====== AVAILABLE DATA

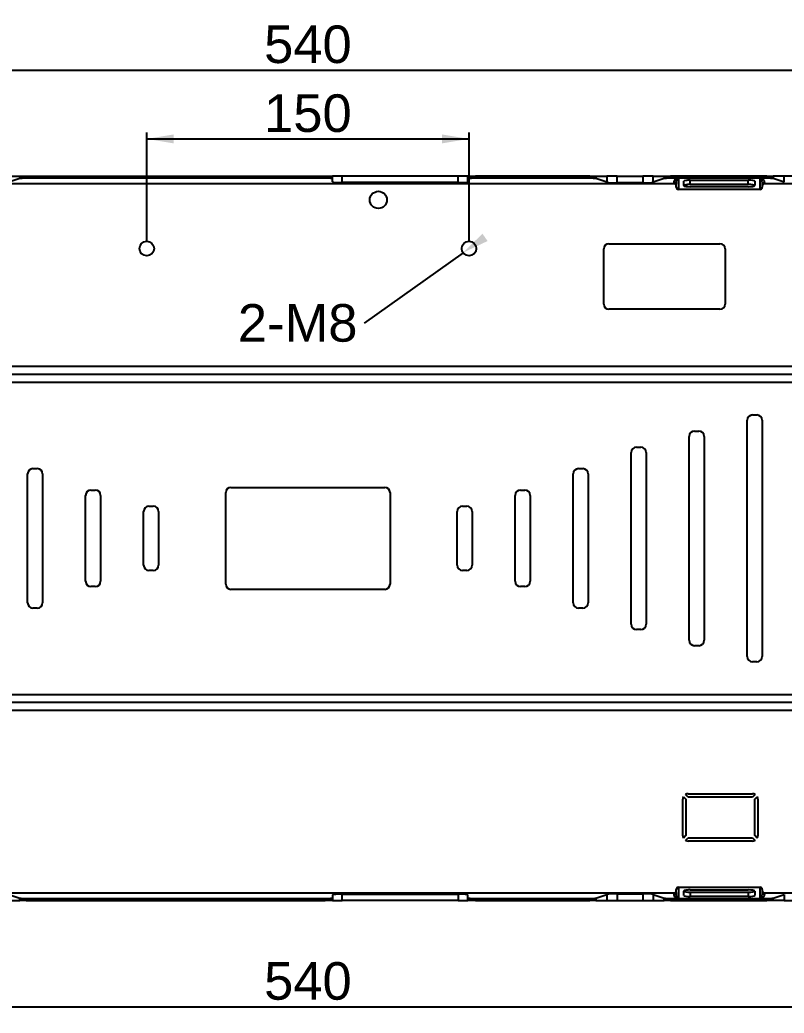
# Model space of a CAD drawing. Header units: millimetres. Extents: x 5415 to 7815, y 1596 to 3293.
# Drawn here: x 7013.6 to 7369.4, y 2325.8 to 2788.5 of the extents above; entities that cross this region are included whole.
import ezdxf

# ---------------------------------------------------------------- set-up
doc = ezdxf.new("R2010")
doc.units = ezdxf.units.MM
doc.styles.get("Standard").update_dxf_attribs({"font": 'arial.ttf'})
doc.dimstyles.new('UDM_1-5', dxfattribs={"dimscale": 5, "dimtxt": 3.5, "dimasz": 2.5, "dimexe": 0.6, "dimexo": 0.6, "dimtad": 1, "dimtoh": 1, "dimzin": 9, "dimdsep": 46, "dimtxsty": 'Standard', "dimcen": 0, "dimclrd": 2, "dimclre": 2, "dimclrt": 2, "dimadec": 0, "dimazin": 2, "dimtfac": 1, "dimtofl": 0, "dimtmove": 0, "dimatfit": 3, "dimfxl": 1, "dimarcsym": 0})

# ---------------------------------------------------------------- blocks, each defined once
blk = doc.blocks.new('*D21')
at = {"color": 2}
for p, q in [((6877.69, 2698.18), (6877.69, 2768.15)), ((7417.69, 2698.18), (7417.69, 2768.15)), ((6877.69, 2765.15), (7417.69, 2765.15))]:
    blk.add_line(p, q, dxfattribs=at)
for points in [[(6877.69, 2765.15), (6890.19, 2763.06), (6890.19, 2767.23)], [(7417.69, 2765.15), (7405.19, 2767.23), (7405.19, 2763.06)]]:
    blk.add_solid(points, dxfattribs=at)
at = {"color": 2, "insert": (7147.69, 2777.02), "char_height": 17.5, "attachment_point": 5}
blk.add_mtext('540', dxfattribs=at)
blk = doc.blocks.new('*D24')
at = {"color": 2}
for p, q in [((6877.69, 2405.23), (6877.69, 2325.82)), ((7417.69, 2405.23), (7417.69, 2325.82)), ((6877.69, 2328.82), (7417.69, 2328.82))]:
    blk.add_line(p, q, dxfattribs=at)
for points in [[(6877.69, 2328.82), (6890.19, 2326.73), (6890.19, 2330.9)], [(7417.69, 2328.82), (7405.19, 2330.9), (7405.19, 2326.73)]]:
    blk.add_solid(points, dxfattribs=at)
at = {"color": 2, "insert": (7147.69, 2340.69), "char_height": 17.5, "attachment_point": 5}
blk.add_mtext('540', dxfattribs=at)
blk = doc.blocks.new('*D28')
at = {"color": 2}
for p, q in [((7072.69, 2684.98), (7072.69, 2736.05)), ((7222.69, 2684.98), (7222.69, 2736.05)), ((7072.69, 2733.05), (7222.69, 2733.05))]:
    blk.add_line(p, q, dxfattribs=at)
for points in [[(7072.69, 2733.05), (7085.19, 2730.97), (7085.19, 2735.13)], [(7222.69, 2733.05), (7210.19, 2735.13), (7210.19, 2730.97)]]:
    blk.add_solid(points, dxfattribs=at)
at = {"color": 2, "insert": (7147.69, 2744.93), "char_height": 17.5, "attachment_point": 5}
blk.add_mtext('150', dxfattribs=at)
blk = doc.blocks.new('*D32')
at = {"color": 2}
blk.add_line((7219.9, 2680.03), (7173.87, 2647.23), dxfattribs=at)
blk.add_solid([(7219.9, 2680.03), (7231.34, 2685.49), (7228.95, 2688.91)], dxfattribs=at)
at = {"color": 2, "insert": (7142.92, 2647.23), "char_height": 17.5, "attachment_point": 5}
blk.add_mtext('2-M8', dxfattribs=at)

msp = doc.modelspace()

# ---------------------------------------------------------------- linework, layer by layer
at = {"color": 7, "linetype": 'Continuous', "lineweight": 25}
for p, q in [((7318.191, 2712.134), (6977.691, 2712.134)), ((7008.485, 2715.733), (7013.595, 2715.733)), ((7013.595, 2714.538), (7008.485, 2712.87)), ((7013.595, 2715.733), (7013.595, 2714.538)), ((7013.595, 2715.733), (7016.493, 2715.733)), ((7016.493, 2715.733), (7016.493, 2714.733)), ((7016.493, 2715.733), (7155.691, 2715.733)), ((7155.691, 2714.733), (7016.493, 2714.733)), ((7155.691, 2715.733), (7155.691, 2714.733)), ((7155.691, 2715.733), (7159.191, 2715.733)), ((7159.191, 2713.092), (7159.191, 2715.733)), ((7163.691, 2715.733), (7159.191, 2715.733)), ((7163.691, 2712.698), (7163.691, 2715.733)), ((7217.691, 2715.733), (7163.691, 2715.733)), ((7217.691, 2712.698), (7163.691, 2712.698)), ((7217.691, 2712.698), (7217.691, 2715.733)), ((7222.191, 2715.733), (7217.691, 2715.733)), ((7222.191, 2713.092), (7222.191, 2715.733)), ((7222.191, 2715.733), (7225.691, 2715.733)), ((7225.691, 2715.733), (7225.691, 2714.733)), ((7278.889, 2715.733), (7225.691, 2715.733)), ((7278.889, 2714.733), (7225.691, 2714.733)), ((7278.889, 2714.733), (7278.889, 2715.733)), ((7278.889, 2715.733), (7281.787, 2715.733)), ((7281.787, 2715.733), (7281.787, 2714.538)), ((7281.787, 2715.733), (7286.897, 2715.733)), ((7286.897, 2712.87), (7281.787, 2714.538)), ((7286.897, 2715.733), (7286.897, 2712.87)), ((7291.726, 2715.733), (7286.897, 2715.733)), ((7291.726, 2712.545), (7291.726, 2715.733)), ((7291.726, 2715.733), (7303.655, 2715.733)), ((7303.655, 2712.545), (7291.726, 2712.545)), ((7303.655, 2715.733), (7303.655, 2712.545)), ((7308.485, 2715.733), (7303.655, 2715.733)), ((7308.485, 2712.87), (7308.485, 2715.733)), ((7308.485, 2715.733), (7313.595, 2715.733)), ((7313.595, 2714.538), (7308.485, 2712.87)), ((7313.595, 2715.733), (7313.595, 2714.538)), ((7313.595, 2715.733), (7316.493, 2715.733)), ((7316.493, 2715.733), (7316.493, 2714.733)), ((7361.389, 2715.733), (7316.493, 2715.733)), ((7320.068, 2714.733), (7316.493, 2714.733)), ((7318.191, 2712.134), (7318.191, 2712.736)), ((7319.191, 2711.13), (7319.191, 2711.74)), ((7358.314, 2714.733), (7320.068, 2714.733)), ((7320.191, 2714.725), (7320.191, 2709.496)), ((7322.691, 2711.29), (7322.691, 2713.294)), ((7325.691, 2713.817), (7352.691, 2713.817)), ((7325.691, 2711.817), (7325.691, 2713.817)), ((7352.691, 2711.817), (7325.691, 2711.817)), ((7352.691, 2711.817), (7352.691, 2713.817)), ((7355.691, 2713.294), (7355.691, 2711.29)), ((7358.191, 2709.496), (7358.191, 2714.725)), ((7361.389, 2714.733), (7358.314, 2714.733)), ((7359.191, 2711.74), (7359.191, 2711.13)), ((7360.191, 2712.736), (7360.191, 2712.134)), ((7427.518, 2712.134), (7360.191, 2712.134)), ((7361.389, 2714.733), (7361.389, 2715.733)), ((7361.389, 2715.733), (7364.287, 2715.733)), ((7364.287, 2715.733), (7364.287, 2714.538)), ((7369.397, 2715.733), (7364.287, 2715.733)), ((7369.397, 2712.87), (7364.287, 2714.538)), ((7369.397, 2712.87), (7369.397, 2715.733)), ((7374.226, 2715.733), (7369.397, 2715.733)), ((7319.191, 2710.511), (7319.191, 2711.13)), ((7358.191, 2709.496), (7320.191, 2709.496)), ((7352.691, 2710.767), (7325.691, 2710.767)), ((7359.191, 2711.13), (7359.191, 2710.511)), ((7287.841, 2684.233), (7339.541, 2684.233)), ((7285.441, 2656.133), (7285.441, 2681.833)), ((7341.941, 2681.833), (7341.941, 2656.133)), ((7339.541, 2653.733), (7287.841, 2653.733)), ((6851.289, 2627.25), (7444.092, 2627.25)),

============

WHAT IS BEING ASKED ▸
Copy whichever lines in the listing above contain the word "insert".

RESPONSE ▸
at = {"color": 2, "insert": (7147.69, 2777.02), "char_height": 17.5, "attachment_point": 5}
at = {"color": 2, "insert": (7147.69, 2340.69), "char_height": 17.5, "attachment_point": 5}
at = {"color": 2, "insert": (7147.69, 2744.93), "char_height": 17.5, "attachment_point": 5}
at = {"color": 2, "insert": (7142.92, 2647.23), "char_height": 17.5, "attachment_point": 5}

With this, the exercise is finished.